After a run of four defeats at the start of the 1925–26 season, Harkus was dropped in favour of Stan Woodhouse. In October, Saints appointed Arthur Chadwick as manager, who re-instated Harkus in the team at the expense of Campbell in November; he retained the left-back place for the rest of the season. In the 1926–27 season, Chadwick settled on his favoured line-up with eleven players featuring in at least 35 of the 42 league games; this included a half back line-up of Bert Shelley, Harkus (in the centre) and Woodhouse on the left, in front of full-backs Michael Keeping and Ted Hough. Described by Holley & Chalk as "a man of dynamic personality" and "tremendously energetic and enthusiastic, he was a natural captain who put so much into a game that, when the 90 minutes were up, he was often all in." Harkus featured strongly in Saints' run to their second FA Cup semi-final in two years, this time losing 2–1 to Arsenal at Stamford Bridge on 26 March 1927.

Although Harkus never received full international honours he came close, joining an F.A. tour of Canada in 1926, along with teammates Michael Keeping and Bill Rawlings.

In the 1927–28 season, Harkus continued as team captain and missed only one match as Saints again finished in the lower half of the table. For the next two seasons his appearances were more irregular as age and injuries caught up with him. In the summer of 1930 he decided to quit; Southampton were reluctant to release him from his registration and placed a transfer fee of £750 on his head. In his initial seven-year period with Southampton he made 233 appearances (with five goals); all his league matches were in the Second Division in a period during which the Saints struggled financially and were generally forced to sell their better players to survive.

===Sojourn abroad===
Harkus spent the rest of 1930 in France with Lyon OU, before returning to England. After an unsuccessful trial with Oldham Athletic, he settled in New Milton where he ran the Wheatsheaf Public House, and turned out for the Hampshire League team New Milton Town.

===Return to Southampton===
In February 1932, Southampton were facing an injury crisis with Alec Campbell, Johnny McIlwaine and Bert Jepson amongst the injured. Manager George Kay called on Harkus's services for two matches, against Wolverhampton Wanderers and Bradford both of which resulted in defeats.

===Later career===
He then moved to Lancashire to join Southport as a player-coach, but was seriously injured in a reserve team match against Barrow, preventing him making any first-team appearances. He did, however, join Boston United for the 1933–34 season making 16 appearances in the Midland League.

==Military career==
After retiring from football, Harkus took up employment with the Ministry of Labour in London. On the outbreak of the Second World War, he joined the Royal Air Force and, serving in the Middle East, he attained the rank of flight lieutenant.

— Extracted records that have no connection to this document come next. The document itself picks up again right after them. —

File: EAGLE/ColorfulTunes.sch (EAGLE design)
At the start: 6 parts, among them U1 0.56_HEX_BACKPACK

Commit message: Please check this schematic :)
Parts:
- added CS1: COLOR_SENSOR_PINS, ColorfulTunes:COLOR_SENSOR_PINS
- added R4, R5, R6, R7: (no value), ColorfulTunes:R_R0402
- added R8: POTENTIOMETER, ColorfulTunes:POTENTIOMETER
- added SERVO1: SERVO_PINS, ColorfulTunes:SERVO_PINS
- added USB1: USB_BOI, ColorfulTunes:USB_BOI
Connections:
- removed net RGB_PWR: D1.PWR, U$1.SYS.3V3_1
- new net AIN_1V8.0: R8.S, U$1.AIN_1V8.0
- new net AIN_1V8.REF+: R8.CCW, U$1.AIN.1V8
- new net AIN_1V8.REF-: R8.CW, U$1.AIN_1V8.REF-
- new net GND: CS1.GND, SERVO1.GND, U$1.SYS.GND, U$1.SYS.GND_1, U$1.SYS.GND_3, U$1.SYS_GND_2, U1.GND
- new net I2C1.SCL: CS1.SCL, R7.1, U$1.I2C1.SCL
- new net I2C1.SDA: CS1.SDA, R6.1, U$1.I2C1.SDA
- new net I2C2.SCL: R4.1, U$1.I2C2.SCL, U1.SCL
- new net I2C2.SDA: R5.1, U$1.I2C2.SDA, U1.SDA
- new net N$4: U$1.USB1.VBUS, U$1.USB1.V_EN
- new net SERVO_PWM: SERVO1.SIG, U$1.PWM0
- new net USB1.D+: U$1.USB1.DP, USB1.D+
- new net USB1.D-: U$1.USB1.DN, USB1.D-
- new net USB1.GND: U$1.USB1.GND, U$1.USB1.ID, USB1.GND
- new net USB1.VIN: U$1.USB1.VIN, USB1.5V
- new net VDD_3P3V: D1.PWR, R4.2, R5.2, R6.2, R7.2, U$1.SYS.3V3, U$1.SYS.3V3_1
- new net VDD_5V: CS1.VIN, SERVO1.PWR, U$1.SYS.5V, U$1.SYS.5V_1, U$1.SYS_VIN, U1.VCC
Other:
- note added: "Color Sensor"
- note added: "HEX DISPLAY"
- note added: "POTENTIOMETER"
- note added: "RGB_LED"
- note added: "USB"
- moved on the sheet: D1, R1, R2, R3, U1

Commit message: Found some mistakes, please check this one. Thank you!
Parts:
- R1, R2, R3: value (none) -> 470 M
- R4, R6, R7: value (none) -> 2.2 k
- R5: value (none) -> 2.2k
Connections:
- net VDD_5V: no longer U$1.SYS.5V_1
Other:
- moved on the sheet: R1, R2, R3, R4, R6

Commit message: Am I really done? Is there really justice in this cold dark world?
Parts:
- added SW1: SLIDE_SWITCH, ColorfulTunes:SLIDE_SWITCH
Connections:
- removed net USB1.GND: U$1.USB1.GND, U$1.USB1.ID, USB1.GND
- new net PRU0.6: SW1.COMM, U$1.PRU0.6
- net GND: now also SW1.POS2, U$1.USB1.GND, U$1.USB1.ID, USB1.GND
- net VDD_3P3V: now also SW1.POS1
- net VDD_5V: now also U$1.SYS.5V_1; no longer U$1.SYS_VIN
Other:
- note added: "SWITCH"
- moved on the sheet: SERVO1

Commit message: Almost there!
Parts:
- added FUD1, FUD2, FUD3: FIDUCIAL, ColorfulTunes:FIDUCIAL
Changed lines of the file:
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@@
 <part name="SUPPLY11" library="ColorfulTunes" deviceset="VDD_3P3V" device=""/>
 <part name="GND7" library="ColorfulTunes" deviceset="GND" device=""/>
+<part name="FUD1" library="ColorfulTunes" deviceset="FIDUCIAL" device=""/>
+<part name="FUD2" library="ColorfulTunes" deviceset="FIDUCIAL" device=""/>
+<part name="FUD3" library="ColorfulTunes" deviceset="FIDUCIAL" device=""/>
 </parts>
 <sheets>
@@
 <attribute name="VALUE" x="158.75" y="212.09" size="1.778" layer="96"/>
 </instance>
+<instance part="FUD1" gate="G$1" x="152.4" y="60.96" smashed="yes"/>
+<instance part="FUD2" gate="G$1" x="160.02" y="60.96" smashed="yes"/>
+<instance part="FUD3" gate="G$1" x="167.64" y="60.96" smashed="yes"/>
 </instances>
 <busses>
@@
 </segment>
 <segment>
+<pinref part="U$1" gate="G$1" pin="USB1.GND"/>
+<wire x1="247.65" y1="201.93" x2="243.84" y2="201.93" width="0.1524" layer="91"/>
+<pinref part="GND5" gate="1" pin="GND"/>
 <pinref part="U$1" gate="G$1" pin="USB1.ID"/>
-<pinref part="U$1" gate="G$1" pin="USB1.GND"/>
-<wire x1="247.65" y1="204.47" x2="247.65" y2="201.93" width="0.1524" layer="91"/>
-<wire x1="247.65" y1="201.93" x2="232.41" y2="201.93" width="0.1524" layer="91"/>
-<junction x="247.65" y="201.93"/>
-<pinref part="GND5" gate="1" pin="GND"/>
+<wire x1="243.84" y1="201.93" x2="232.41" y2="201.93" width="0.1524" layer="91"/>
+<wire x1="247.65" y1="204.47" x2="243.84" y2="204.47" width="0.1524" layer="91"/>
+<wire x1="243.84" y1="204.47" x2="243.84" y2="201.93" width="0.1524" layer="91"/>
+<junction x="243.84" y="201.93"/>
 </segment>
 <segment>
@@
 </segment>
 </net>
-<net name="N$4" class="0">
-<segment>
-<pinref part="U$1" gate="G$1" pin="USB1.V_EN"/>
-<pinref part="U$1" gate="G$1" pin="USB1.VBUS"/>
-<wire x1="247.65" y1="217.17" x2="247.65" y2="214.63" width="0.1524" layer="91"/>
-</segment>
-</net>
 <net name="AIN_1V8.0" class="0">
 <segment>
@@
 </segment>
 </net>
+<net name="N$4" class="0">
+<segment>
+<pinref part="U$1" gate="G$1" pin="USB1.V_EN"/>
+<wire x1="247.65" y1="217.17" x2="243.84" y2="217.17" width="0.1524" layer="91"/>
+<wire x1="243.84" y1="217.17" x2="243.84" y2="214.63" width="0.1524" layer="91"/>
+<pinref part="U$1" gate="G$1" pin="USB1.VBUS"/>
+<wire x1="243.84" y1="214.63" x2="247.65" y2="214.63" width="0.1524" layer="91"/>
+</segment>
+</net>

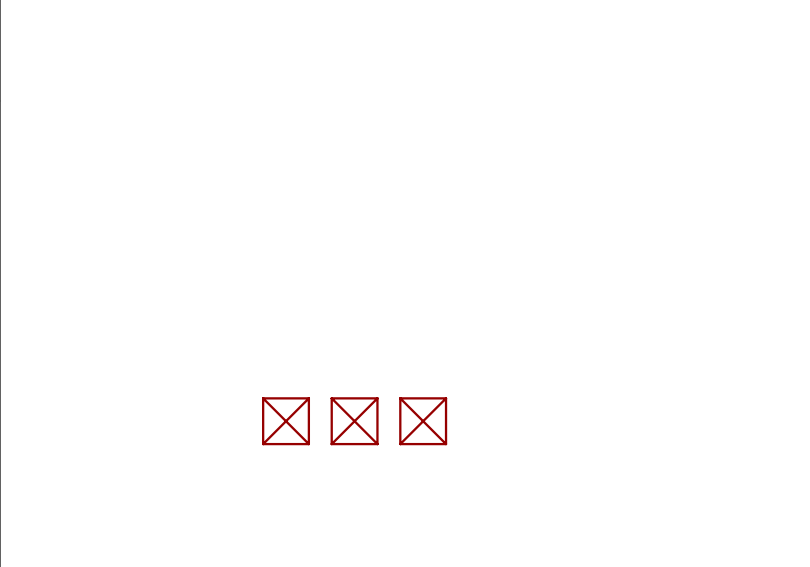
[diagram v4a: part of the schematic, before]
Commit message: with the mounting holes
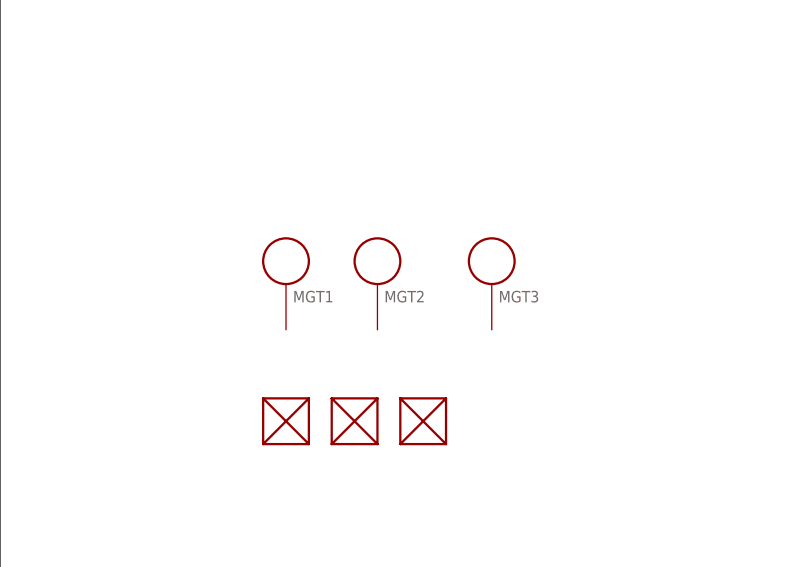
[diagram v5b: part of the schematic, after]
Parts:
- added MGT1, MGT2, MGT3: MOUNTING_HOLE, ColorfulTunes:MOUNTING_HOLE
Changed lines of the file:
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@@
 <part name="FUD2" library="ColorfulTunes" deviceset="FIDUCIAL" device=""/>
 <part name="FUD3" library="ColorfulTunes" deviceset="FIDUCIAL" device=""/>
+<part name="MGT1" library="ColorfulTunes" deviceset="MOUNTING_HOLE" device=""/>
+<part name="MGT2" library="ColorfulTunes" deviceset="MOUNTING_HOLE" device=""/>
+<part name="MGT3" library="ColorfulTunes" deviceset="MOUNTING_HOLE" device=""/>
 </parts>
 <sheets>
@@
 <instance part="FUD2" gate="G$1" x="160.02" y="60.96" smashed="yes"/>
 <instance part="FUD3" gate="G$1" x="167.64" y="60.96" smashed="yes"/>
+<instance part="MGT1" gate="G$1" x="152.4" y="76.2" smashed="yes">
+<attribute name="NAME" x="153.162" y="74.168" size="1.27" layer="95"/>
+</instance>
+<instance part="MGT2" gate="G$1" x="162.56" y="76.2" smashed="yes">
+<attribute name="NAME" x="163.322" y="74.168" size="1.27" layer="95"/>
+</instance>
+<instance part="MGT3" gate="G$1" x="175.26" y="76.2" smashed="yes">
+<attribute name="NAME" x="176.022" y="74.168" size="1.27" layer="95"/>
+</instance>
 </instances>
 <busses>

In the birthday honours list for 1949, Harkus was awarded the M.B.E. for "keeping up the morale in the forces whilst stationed in the Middle East".

He remained in the R.A.F. after the war and continued his links with football. He had recently been appointed to their selection committee before his death at Southampton on 28 September 1950, shortly after his 52nd birthday, following an illness.